> [REQUIRED ACTION] Skip the pictures and copy all the data that follows exactly.

EXERCISE DATA section start

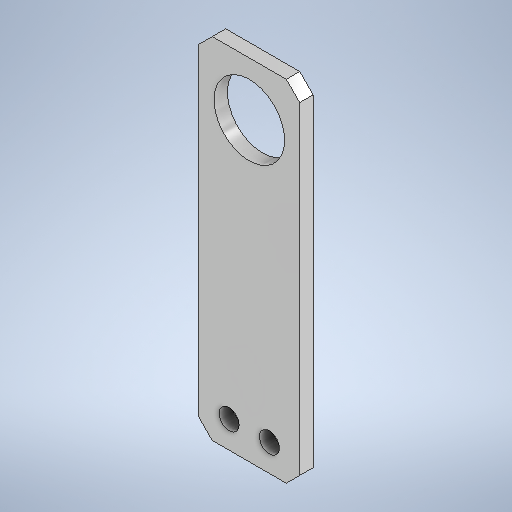
# Autodesk Inventor part: Loadcell_lever
Saved by Autodesk Inventor 2025.2 (Build 292293000, 293)
## iProperties
Created: 2026-07-22
Part Number: Loadcell_lever
Material: Generic
Document SubType Name: Modeling
Designer: Simon
Density: 1 g/cm^3
Appearance: Aluminum - Polished
Author: Simon
Autodesk Inventor part; units mm, degrees
ref_plane "YZ Plane" through (0, 0, 0) normal (1, 0, 0) x (0, 1, 0)
ref_plane "XZ Plane" through (0, 0, 0) normal (0, 1, 0) x (-1, 0, 0)
ref_plane "XY Plane" through (0, 0, 0) normal (0, 0, 1) x (1, 0, 0)
sketch "Sketch1" plane through (0, 0, 0) normal (0, 0, 1) x (1, 0, 0)
  line L0 (-7.5, -26) -> (7.5, -26)
  line L1 (7.5, -26) -> (7.5, 26)
  line L2 (7.5, 26) -> (-7.5, 26)
  line L3 (-7.5, 26) -> (-7.5, -26)
  line L4 (-7.5, -26) -> (7.5, 26) construction
  line L5 (7.5, -26) -> (-7.5, 26) construction
  line L6 (0, 26) -> (0, 18)
  circle A0 centre (0, 18) radius 5.25
  line L7 (0, -26) -> (0, -22)
  line L8 (-3, -22) -> (3, -22)
  circle A1 centre (-3, -22) radius 1.5
  circle A2 centre (3, -22) radius 1.5
  point P0 (0, 0)
  dimension "d0" = 15
  dimension "d1" = 52
  dimension "d2" = 8
  dimension "d3" = 10.5
  dimension "d6" = 4
  dimension "d7" = 6
  dimension "d8" = 3
  dimension "d9" = 3
  constraints: 18 end point, 5 midpoint, 3 centre point, 3 coincident, 3 parallel, 2 horizontal, 1 perpendicular, 1 vertical
  measures "d0" distance of L2.end L1.end
  measures "d1" distance of L1.end L0.end
  measures "d2" distance of L6.start L6.end
  measures "d3" diameter of A0
  measures "d6" distance of L7.start L7.end
  measures "d7" distance of L8.start L8.end
  measures "d8" diameter of A1
  measures "d9" diameter of A2
extrude "Extrusion1" add sketch "Sketch1" against normal blind 2
chamfer "Chamfer1" distance 2 angle 45 4 edges at (7.5, 26, -1) (-7.5, 26, -1) (7.5, -26, -1) (-7.5, -26, -1)
body "Solid1"

EXERCISE DATA section end

> [ANSWER BELOW]
# Autodesk Inventor part: Loadcell_lever
Saved by Autodesk Inventor 2025.2 (Build 292293000, 293)
## iProperties
Created: 2026-07-22
Part Number: Loadcell_lever
Material: Generic
Document SubType Name: Modeling
Designer: Simon
Density: 1 g/cm^3
Appearance: Aluminum - Polished
Author: Simon
Autodesk Inventor part; units mm, degrees
ref_plane "YZ Plane" through (0, 0, 0) normal (1, 0, 0) x (0, 1, 0)
ref_plane "XZ Plane" through (0, 0, 0) normal (0, 1, 0) x (-1, 0, 0)
ref_plane "XY Plane" through (0, 0, 0) normal (0, 0, 1) x (1, 0, 0)
sketch "Sketch1" plane through (0, 0, 0) normal (0, 0, 1) x (1, 0, 0)
  line L0 (-7.5, -26) -> (7.5, -26)
  line L1 (7.5, -26) -> (7.5, 26)
  line L2 (7.5, 26) -> (-7.5, 26)
  line L3 (-7.5, 26) -> (-7.5, -26)
  line L4 (-7.5, -26) -> (7.5, 26) construction
  line L5 (7.5, -26) -> (-7.5, 26) construction
  line L6 (0, 26) -> (0, 18)
  circle A0 centre (0, 18) radius 5.25
  line L7 (0, -26) -> (0, -22)
  line L8 (-3, -22) -> (3, -22)
  circle A1 centre (-3, -22) radius 1.5
  circle A2 centre (3, -22) radius 1.5
  point P0 (0, 0)
  dimension "d0" = 15
  dimension "d1" = 52
  dimension "d2" = 8
  dimension "d3" = 10.5
  dimension "d6" = 4
  dimension "d7" = 6
  dimension "d8" = 3
  dimension "d9" = 3
  constraints: 18 end point, 5 midpoint, 3 centre point, 3 coincident, 3 parallel, 2 horizontal, 1 perpendicular, 1 vertical
  measures "d0" distance of L2.end L1.end
  measures "d1" distance of L1.end L0.end
  measures "d2" distance of L6.start L6.end
  measures "d3" diameter of A0
  measures "d6" distance of L7.start L7.end
  measures "d7" distance of L8.start L8.end
  measures "d8" diameter of A1
  measures "d9" diameter of A2
extrude "Extrusion1" add sketch "Sketch1" against normal blind 2
chamfer "Chamfer1" distance 2 angle 45 4 edges at (7.5, 26, -1) (-7.5, 26, -1) (7.5, -26, -1) (-7.5, -26, -1)
body "Solid1"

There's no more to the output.